### INSTRUCTIONS TO FOLLOW
Wherever a line of the data contains "Pulse", copy that line.

==== DATASET ENTRIES

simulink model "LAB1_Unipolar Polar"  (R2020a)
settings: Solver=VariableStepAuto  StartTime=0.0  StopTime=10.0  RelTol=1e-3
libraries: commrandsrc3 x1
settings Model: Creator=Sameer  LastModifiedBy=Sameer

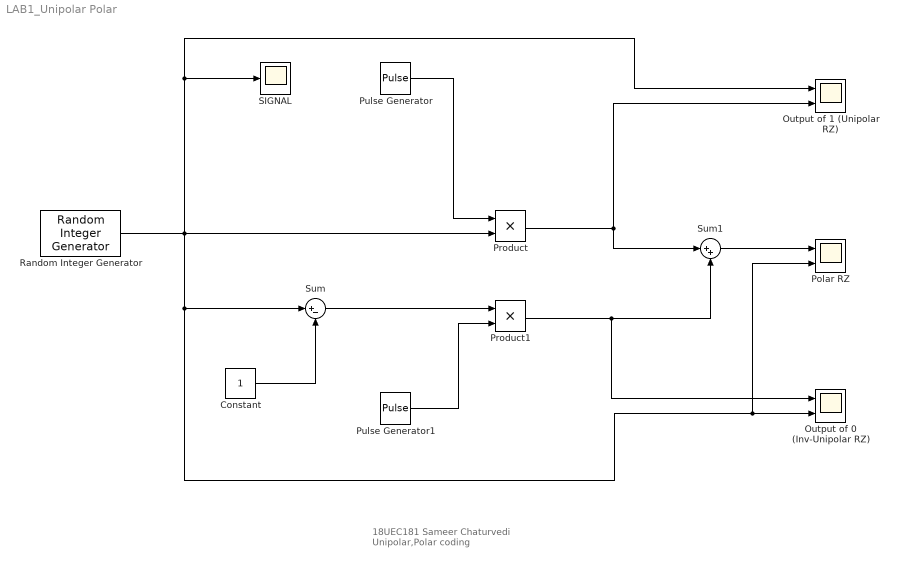
== system LAB1_Unipolar Polar ==
  note: 18UEC181
      | Sameer Chaturvedi
      | Unipolar,Polar coding
  Constant : Constant
  Output of 0 (Inv-Unipolar RZ) : Scope  NumInputPorts=2
  Output of 1 (Unipolar RZ) : Scope  NumInputPorts=2
  Polar RZ : Scope  NumInputPorts=2
  Product : Product
  Product1 : Product
  Pulse Generator : DiscretePulseGenerator  PulseType=Time based  Period=1  PulseWidth=50
  Pulse Generator1 : DiscretePulseGenerator  PulseType=Time based  Period=1  PulseWidth=50
  Random Integer Generator : commrandsrc3/Random Integer Generator  SetSize=2  SeedSource=Auto  Seed=0  SampleTime=1  SamplesPerFrame=1  OutputDataType=double  SimulateUsing=Interpreted execution
  SIGNAL : Scope
      settings: Description=SIGNAL
  Sum : Sum  Inputs=|+-
  Sum1 : Sum  Inputs=|++
  wires:
  Constant/1 -> Sum/2
  Random Integer Generator/1 -> Product/2, SIGNAL/1, Output of 1 (Unipolar RZ)/1, Polar RZ/2, Output of 0 (Inv-Unipolar RZ)/2, Sum/1
  Pulse Generator/1 -> Product/1
  Sum/1 -> Product1/1
  Pulse Generator1/1 -> Product1/2
  Product1/1 -> Output of 0 (Inv-Unipolar RZ)/1, Sum1/2
  Product/1 -> Sum1/1, Output of 1 (Unipolar RZ)/2
  Sum1/1 -> Polar RZ/1

========

### RESPONSE TO THE EXERCISE
  Pulse Generator : DiscretePulseGenerator  PulseType=Time based  Period=1  PulseWidth=50
  Pulse Generator1 : DiscretePulseGenerator  PulseType=Time based  Period=1  PulseWidth=50
  Pulse Generator/1 -> Product/1
  Pulse Generator1/1 -> Product1/2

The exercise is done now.